→ **AIM OF THE EXERCISE**: If an entry holds a picture, skip the picture but copy everything else exactly.

→ **DATA LISTING**:
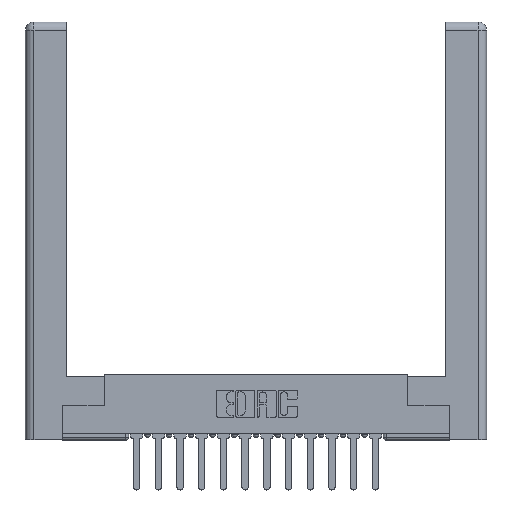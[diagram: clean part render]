
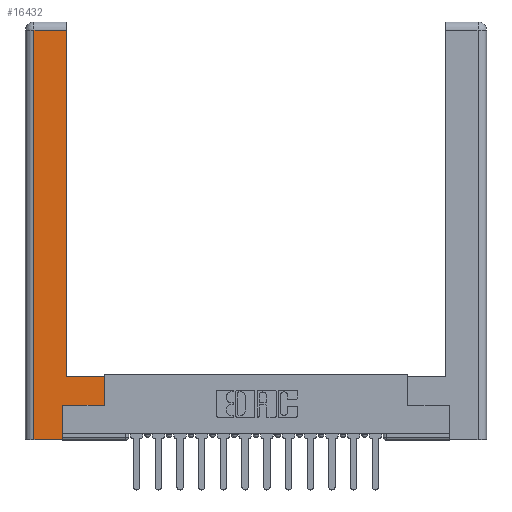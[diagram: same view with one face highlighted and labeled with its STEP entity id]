
A CAD part, top view. The second image highlights one B-rep face of the part: STEP entity #16432.
In plain terms, the highlighted planar face has unit normal (0, 0, 1).
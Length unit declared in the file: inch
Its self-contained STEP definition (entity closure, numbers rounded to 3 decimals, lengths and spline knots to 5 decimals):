
#185 = VECTOR ( 'NONE', #12229, 39.37008 ) ;
#462 = CARTESIAN_POINT ( 'NONE',  ( 0.295, 3., 0. ) ) ;
#764 = VECTOR ( 'NONE', #3290, 39.37008 ) ;
#845 = CARTESIAN_POINT ( 'NONE',  ( 0.265, 0., 0. ) ) ;
#941 = EDGE_CURVE ( 'NONE', #9943, #2166, #15831, .T. ) ;
#943 = ORIENTED_EDGE ( 'NONE', *, *, #9176, .T. ) ;
#1061 = FACE_OUTER_BOUND ( 'NONE', #15952, .T. ) ;
#1888 = DIRECTION ( 'NONE',  ( 0., 1., 0. ) ) ;
#2166 = VERTEX_POINT ( 'NONE', #6446 ) ;
#2201 = LINE ( 'NONE', #7505, #14871 ) ;
#2203 = EDGE_CURVE ( 'NONE', #6351, #10441, #2510, .T. ) ;
#2479 = VECTOR ( 'NONE', #5366, 39.37008 ) ;
#2510 = LINE ( 'NONE', #2670, #2479 ) ;
#2670 = CARTESIAN_POINT ( 'NONE',  ( 0.0615, 0., 0. ) ) ;
#2822 = CARTESIAN_POINT ( 'NONE',  ( 0.0615, 2.94, 0. ) ) ;
#2996 = DIRECTION ( 'NONE',  ( 0., 1., 0. ) ) ;
#3290 = DIRECTION ( 'NONE',  ( 0., 1., 0. ) ) ;
#3300 = EDGE_CURVE ( 'NONE', #8840, #8304, #14601, .T. ) ;
#4397 = EDGE_CURVE ( 'NONE', #10441, #9943, #16046, .T. ) ;
#4528 = CARTESIAN_POINT ( 'NONE',  ( 0.265, 0.245, 0. ) ) ;
#4725 = CARTESIAN_POINT ( 'NONE',  ( 0.565, 0.245, 0. ) ) ;
#5174 = ORIENTED_EDGE ( 'NONE', *, *, #941, .T. ) ;
#5181 = DIRECTION ( 'NONE',  ( -1., 0., 0. ) ) ;
#5227 = ORIENTED_EDGE ( 'NONE', *, *, #2203, .T. ) ;
#5366 = DIRECTION ( 'NONE',  ( 0., -1., 0. ) ) ;
#5504 = VECTOR ( 'NONE', #2996, 39.37008 ) ;
#5516 = CARTESIAN_POINT ( 'NONE',  ( 0.565, 0.45, 0. ) ) ;
#6197 = PLANE ( 'NONE',  #10694 ) ;
#6274 = CARTESIAN_POINT ( 'NONE',  ( 0., 0., 0. ) ) ;
#6351 = VERTEX_POINT ( 'NONE', #2822 ) ;
#6446 = CARTESIAN_POINT ( 'NONE',  ( 0.265, 0.245, 0. ) ) ;
#6498 = LINE ( 'NONE', #462, #5504 ) ;
#6855 = EDGE_CURVE ( 'NONE', #2166, #8840, #11656, .T. ) ;
#7338 = DIRECTION ( 'NONE',  ( -1., 0., 0. ) ) ;
#7436 = CARTESIAN_POINT ( 'NONE',  ( 0.0615, 2.94, 0. ) ) ;
#7505 = CARTESIAN_POINT ( 'NONE',  ( 0.295, 0.45, 0. ) ) ;
#7648 = VECTOR ( 'NONE', #1888, 39.37008 ) ;
#8304 = VERTEX_POINT ( 'NONE', #5516 ) ;
#8419 = ORIENTED_EDGE ( 'NONE', *, *, #4397, .T. ) ;
#8746 = LINE ( 'NONE', #7436, #12140 ) ;
#8840 = VERTEX_POINT ( 'NONE', #4725 ) ;
#9045 = VERTEX_POINT ( 'NONE', #10137 ) ;
#9079 = CARTESIAN_POINT ( 'NONE',  ( 0.565, 0.245, 0. ) ) ;
#9176 = EDGE_CURVE ( 'NONE', #14311, #9045, #6498, .T. ) ;
#9465 = EDGE_CURVE ( 'NONE', #9045, #6351, #8746, .T. ) ;
#9819 = CARTESIAN_POINT ( 'NONE',  ( 0.295, 0.45, 0. ) ) ;
#9943 = VERTEX_POINT ( 'NONE', #13918 ) ;
#9988 = EDGE_CURVE ( 'NONE', #8304, #14311, #2201, .T. ) ;
#10137 = CARTESIAN_POINT ( 'NONE',  ( 0.295, 2.94, 0. ) ) ;
#10363 = CARTESIAN_POINT ( 'NONE',  ( 0.0615, 0., 0. ) ) ;
#10441 = VERTEX_POINT ( 'NONE', #10363 ) ;
#10694 = AXIS2_PLACEMENT_3D ( 'NONE', #6274, #14135, #5181 ) ;
#11656 = LINE ( 'NONE', #9079, #15017 ) ;
#11778 = ORIENTED_EDGE ( 'NONE', *, *, #9988, .T. ) ;
#12140 = VECTOR ( 'NONE', #16399, 39.37008 ) ;
#12229 = DIRECTION ( 'NONE',  ( 1., 0., 0. ) ) ;
#13608 = ORIENTED_EDGE ( 'NONE', *, *, #3300, .T. ) ;
#13723 = ORIENTED_EDGE ( 'NONE', *, *, #9465, .T. ) ;
#13918 = CARTESIAN_POINT ( 'NONE',  ( 0.265, 0., 0. ) ) ;
#14135 = DIRECTION ( 'NONE',  ( 0., 0., -1. ) ) ;
#14193 = DIRECTION ( 'NONE',  ( 1., 0., 0. ) ) ;
#14311 = VERTEX_POINT ( 'NONE', #9819 ) ;
#14601 = LINE ( 'NONE', #14865, #764 ) ;
#14865 = CARTESIAN_POINT ( 'NONE',  ( 0.565, 0.45, 0. ) ) ;
#14871 = VECTOR ( 'NONE', #7338, 39.37008 ) ;
#15017 = VECTOR ( 'NONE', #14193, 39.37008 ) ;
#15339 = ORIENTED_EDGE ( 'NONE', *, *, #6855, .T. ) ;
#15831 = LINE ( 'NONE', #4528, #7648 ) ;
#15952 = EDGE_LOOP ( 'NONE', ( #943, #13723, #5227, #8419, #5174, #15339, #13608, #11778 ) ) ;
#16046 = LINE ( 'NONE', #845, #185 ) ;
#16399 = DIRECTION ( 'NONE',  ( -1., 0., 0. ) ) ;
#16432 = ADVANCED_FACE ( 'NONE', ( #1061 ), #6197, .F. ) ;

→ **RESULT OF THIS TASK**:
[diagram: clean part render]
[diagram: same view with one face highlighted and labeled with its STEP entity id]
A CAD part, top view. The second image highlights one B-rep face of the part: STEP entity #16432.
In plain terms, the highlighted planar face has unit normal (0, 0, 1).
Length unit declared in the file: inch
Its self-contained STEP definition (entity closure, numbers rounded to 3 decimals, lengths and spline knots to 5 decimals):
#185 = VECTOR ( 'NONE', #12229, 39.37008 ) ;
#462 = CARTESIAN_POINT ( 'NONE',  ( 0.295, 3., 0. ) ) ;
#764 = VECTOR ( 'NONE', #3290, 39.37008 ) ;
#845 = CARTESIAN_POINT ( 'NONE',  ( 0.265, 0., 0. ) ) ;
#941 = EDGE_CURVE ( 'NONE', #9943, #2166, #15831, .T. ) ;
#943 = ORIENTED_EDGE ( 'NONE', *, *, #9176, .T. ) ;
#1061 = FACE_OUTER_BOUND ( 'NONE', #15952, .T. ) ;
#1888 = DIRECTION ( 'NONE',  ( 0., 1., 0. ) ) ;
#2166 = VERTEX_POINT ( 'NONE', #6446 ) ;
#2201 = LINE ( 'NONE', #7505, #14871 ) ;
#2203 = EDGE_CURVE ( 'NONE', #6351, #10441, #2510, .T. ) ;
#2479 = VECTOR ( 'NONE', #5366, 39.37008 ) ;
#2510 = LINE ( 'NONE', #2670, #2479 ) ;
#2670 = CARTESIAN_POINT ( 'NONE',  ( 0.0615, 0., 0. ) ) ;
#2822 = CARTESIAN_POINT ( 'NONE',  ( 0.0615, 2.94, 0. ) ) ;
#2996 = DIRECTION ( 'NONE',  ( 0., 1., 0. ) ) ;
#3290 = DIRECTION ( 'NONE',  ( 0., 1., 0. ) ) ;
#3300 = EDGE_CURVE ( 'NONE', #8840, #8304, #14601, .T. ) ;
#4397 = EDGE_CURVE ( 'NONE', #10441, #9943, #16046, .T. ) ;
#4528 = CARTESIAN_POINT ( 'NONE',  ( 0.265, 0.245, 0. ) ) ;
#4725 = CARTESIAN_POINT ( 'NONE',  ( 0.565, 0.245, 0. ) ) ;
#5174 = ORIENTED_EDGE ( 'NONE', *, *, #941, .T. ) ;
#5181 = DIRECTION ( 'NONE',  ( -1., 0., 0. ) ) ;
#5227 = ORIENTED_EDGE ( 'NONE', *, *, #2203, .T. ) ;
#5366 = DIRECTION ( 'NONE',  ( 0., -1., 0. ) ) ;
#5504 = VECTOR ( 'NONE', #2996, 39.37008 ) ;
#5516 = CARTESIAN_POINT ( 'NONE',  ( 0.565, 0.45, 0. ) ) ;
#6197 = PLANE ( 'NONE',  #10694 ) ;
#6274 = CARTESIAN_POINT ( 'NONE',  ( 0., 0., 0. ) ) ;
#6351 = VERTEX_POINT ( 'NONE', #2822 ) ;
#6446 = CARTESIAN_POINT ( 'NONE',  ( 0.265, 0.245, 0. ) ) ;
#6498 = LINE ( 'NONE', #462, #5504 ) ;
#6855 = EDGE_CURVE ( 'NONE', #2166, #8840, #11656, .T. ) ;
#7338 = DIRECTION ( 'NONE',  ( -1., 0., 0. ) ) ;
#7436 = CARTESIAN_POINT ( 'NONE',  ( 0.0615, 2.94, 0. ) ) ;
#7505 = CARTESIAN_POINT ( 'NONE',  ( 0.295, 0.45, 0. ) ) ;
#7648 = VECTOR ( 'NONE', #1888, 39.37008 ) ;
#8304 = VERTEX_POINT ( 'NONE', #5516 ) ;
#8419 = ORIENTED_EDGE ( 'NONE', *, *, #4397, .T. ) ;
#8746 = LINE ( 'NONE', #7436, #12140 ) ;
#8840 = VERTEX_POINT ( 'NONE', #4725 ) ;
#9045 = VERTEX_POINT ( 'NONE', #10137 ) ;
#9079 = CARTESIAN_POINT ( 'NONE',  ( 0.565, 0.245, 0. ) ) ;
#9176 = EDGE_CURVE ( 'NONE', #14311, #9045, #6498, .T. ) ;
#9465 = EDGE_CURVE ( 'NONE', #9045, #6351, #8746, .T. ) ;
#9819 = CARTESIAN_POINT ( 'NONE',  ( 0.295, 0.45, 0. ) ) ;
#9943 = VERTEX_POINT ( 'NONE', #13918 ) ;
#9988 = EDGE_CURVE ( 'NONE', #8304, #14311, #2201, .T. ) ;
#10137 = CARTESIAN_POINT ( 'NONE',  ( 0.295, 2.94, 0. ) ) ;
#10363 = CARTESIAN_POINT ( 'NONE',  ( 0.0615, 0., 0. ) ) ;
#10441 = VERTEX_POINT ( 'NONE', #10363 ) ;
#10694 = AXIS2_PLACEMENT_3D ( 'NONE', #6274, #14135, #5181 ) ;
#11656 = LINE ( 'NONE', #9079, #15017 ) ;
#11778 = ORIENTED_EDGE ( 'NONE', *, *, #9988, .T. ) ;
#12140 = VECTOR ( 'NONE', #16399, 39.37008 ) ;
#12229 = DIRECTION ( 'NONE',  ( 1., 0., 0. ) ) ;
#13608 = ORIENTED_EDGE ( 'NONE', *, *, #3300, .T. ) ;
#13723 = ORIENTED_EDGE ( 'NONE', *, *, #9465, .T. ) ;
#13918 = CARTESIAN_POINT ( 'NONE',  ( 0.265, 0., 0. ) ) ;
#14135 = DIRECTION ( 'NONE',  ( 0., 0., -1. ) ) ;
#14193 = DIRECTION ( 'NONE',  ( 1., 0., 0. ) ) ;
#14311 = VERTEX_POINT ( 'NONE', #9819 ) ;
#14601 = LINE ( 'NONE', #14865, #764 ) ;
#14865 = CARTESIAN_POINT ( 'NONE',  ( 0.565, 0.45, 0. ) ) ;
#14871 = VECTOR ( 'NONE', #7338, 39.37008 ) ;
#15017 = VECTOR ( 'NONE', #14193, 39.37008 ) ;
#15339 = ORIENTED_EDGE ( 'NONE', *, *, #6855, .T. ) ;
#15831 = LINE ( 'NONE', #4528, #7648 ) ;
#15952 = EDGE_LOOP ( 'NONE', ( #943, #13723, #5227, #8419, #5174, #15339, #13608, #11778 ) ) ;
#16046 = LINE ( 'NONE', #845, #185 ) ;
#16399 = DIRECTION ( 'NONE',  ( -1., 0., 0. ) ) ;
#16432 = ADVANCED_FACE ( 'NONE', ( #1061 ), #6197, .F. ) ;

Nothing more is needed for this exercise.